“回……回大将军!绝无此事!犒赏之物实在太多了,还未全数分发完毕呢,有些弟兄没能领到最好的,故而才有怨气。”
“小人正准备今日继续分发,定让弟兄们满意!”他试图挤出一个笑容,却显得僵硬无比。
台下边关军中,站在前排的吕粟气得脸色通红,拳头紧握。
许靖央面无表情,目光冰冷地注视着张茂:“哦?原来是这样,那还是别人冤枉你了。
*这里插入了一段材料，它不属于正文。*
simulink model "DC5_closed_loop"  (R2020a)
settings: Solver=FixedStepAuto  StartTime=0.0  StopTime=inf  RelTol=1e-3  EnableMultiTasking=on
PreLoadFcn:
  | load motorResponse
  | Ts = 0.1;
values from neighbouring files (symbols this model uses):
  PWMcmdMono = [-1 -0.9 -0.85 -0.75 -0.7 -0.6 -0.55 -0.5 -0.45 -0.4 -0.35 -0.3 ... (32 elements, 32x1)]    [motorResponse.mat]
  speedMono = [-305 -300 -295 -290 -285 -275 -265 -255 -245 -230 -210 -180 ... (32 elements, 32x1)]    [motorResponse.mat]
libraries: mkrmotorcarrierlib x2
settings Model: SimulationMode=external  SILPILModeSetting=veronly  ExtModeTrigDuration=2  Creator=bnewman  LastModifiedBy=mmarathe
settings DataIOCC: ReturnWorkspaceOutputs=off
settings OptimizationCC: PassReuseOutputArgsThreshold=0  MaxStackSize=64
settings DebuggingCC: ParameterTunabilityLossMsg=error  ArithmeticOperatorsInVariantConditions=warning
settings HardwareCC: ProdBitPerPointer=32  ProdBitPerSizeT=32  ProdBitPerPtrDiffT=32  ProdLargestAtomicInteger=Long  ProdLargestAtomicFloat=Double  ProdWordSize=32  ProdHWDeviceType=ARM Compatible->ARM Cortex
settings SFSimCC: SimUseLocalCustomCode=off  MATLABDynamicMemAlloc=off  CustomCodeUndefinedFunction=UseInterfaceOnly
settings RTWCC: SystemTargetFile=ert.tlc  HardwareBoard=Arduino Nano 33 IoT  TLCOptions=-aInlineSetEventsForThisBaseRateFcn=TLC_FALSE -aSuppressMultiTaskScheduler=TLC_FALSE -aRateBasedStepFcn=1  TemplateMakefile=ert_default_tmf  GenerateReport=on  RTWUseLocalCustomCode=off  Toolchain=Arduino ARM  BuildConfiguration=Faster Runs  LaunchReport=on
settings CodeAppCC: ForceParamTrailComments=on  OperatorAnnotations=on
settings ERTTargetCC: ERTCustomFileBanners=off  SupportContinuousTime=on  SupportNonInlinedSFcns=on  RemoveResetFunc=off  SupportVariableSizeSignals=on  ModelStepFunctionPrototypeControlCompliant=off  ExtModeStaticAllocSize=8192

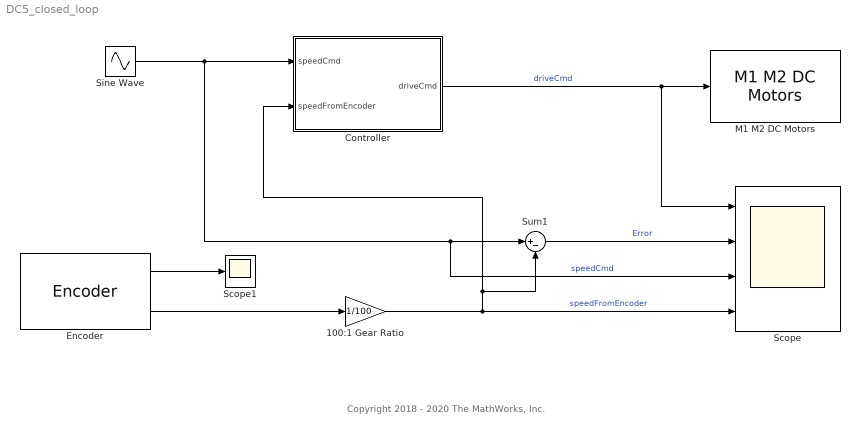
== system DC5_closed_loop ==
  note: Copyright 2018 - 2020 The MathWorks, Inc.
  100:1 Gear Ratio : Gain  Gain=1/100
  Controller : Subsystem
  Encoder : mkrmotorcarrierlib/Encoder  SlaveAddress=uint8( hex2dec( '66' ) )  blockPlatform=ARDUINO  Encoder=1  ShowSpeed=on  ResetOption=on  SampleTime=0.1
      settings: SourceProductName=Simulink Support for Arduino MKR Motor Carrier
  M1 M2 DC Motors : mkrmotorcarrierlib/M1 M2 DC Motors  SlaveAddress=uint8( hex2dec( '66' ) )  blockPlatform=ARDUINO  MotorNumber=M1  MotorCarrierPWMFreq=100
      settings: SourceProductBaseCode=ARDUINO
  Scope : Scope  NumInputPorts=4
  Scope1 : Scope
  Sine Wave : Sin  Amplitude=200  SampleTime=Ts
  Sum1 : Sum  Inputs=|+-
  wires:
  Encoder/2 -> 100:1 Gear Ratio/1
  100:1 Gear Ratio/1 -> Controller/2(speedFromEncoder), Sum1/2, Scope/4  "speedFromEncoder"
  Sum1/1 -> Scope/2  "Error"
  Encoder/1 -> Scope1/1
  Sine Wave/1 -> Scope/3, Sum1/1, Controller/1(speedCmd)  "speedCmd"
  Controller/1(driveCmd) -> M1 M2 DC Motors/1, Scope/1  "driveCmd"

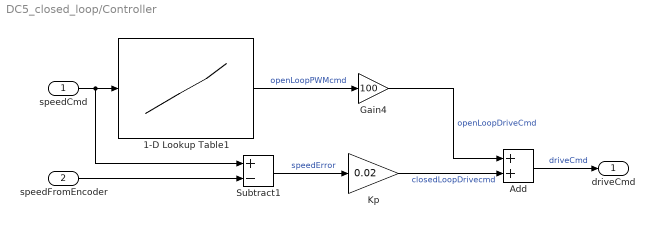
== system DC5_closed_loop/Controller ==
  speedCmd : Inport
  speedFromEncoder : Inport  Port=2
  1-D Lookup Table1 : Lookup_n-D  NumberOfTableDimensions=1  BreakpointsForDimension1=speedMono  Table=PWMcmdMono  InternalRulePriority=Speed  RndMeth=Simplest  InputSameDT=on
  Add : Sum
  Gain4 : Gain  Gain=100
  Kp : Gain  Gain=0.02
  Subtract1 : Sum  Inputs=+-
  driveCmd : Outport  VectorParamsAs1DForOutWhenUnconnected=off
  wires:
  Gain4/1 -> Add/1  "openLoopDriveCmd"
  Subtract1/1 -> Kp/1  "speedError"
  Kp/1 -> Add/2  "closedLoopDrivecmd"
  1-D Lookup Table1/1 -> Gain4/1  "openLoopPWMcmd"
  Add/1 -> driveCmd/1  "driveCmd"
  speedFromEncoder/1 -> Subtract1/2
  speedCmd/1 -> Subtract1/1, 1-D Lookup Table1/1

”
就在这时,吕粟再也忍不住,猛地踏出一步。
他高声喊道:“大将军!您为何不问他,之前运送军资途中,那铁索钩为何无故断裂?那取暖燃烧火铳的柴草为何湿濡不能用?那才是真正动摇军心、损害大军之事!”
此言一出,满场皆惊!
连破虏军和神策军阵列中都响起一片吸气声。
损坏军资,这在任何军队都是足以杀头的大罪!
因为,这在战场上可是会要命的!
张茂猛地扭头,目眦欲裂地瞪着吕粟:“吕粟!你休要血口喷人!大将军面前,岂容你信口雌黄!还不退下!”
他声音带着明显的恐慌。
许靖央眸色一厉:“他是否信口雌黄,本将自有决断,张茂,本将现在问你,吕粟所言之事,你到底有没有做过?”
张茂被她那双黑不见底的眼睛瞧着,心虚至极,腿肚子微微颤抖。
“绝无此事!大将军明鉴!铁钩索乃磨损所致,柴草是风雪打湿,那天的雪那么大,跟小人没有关系……是吕粟对犒赏分发不满,便恶意构陷小人!请大将军为小人做主啊!”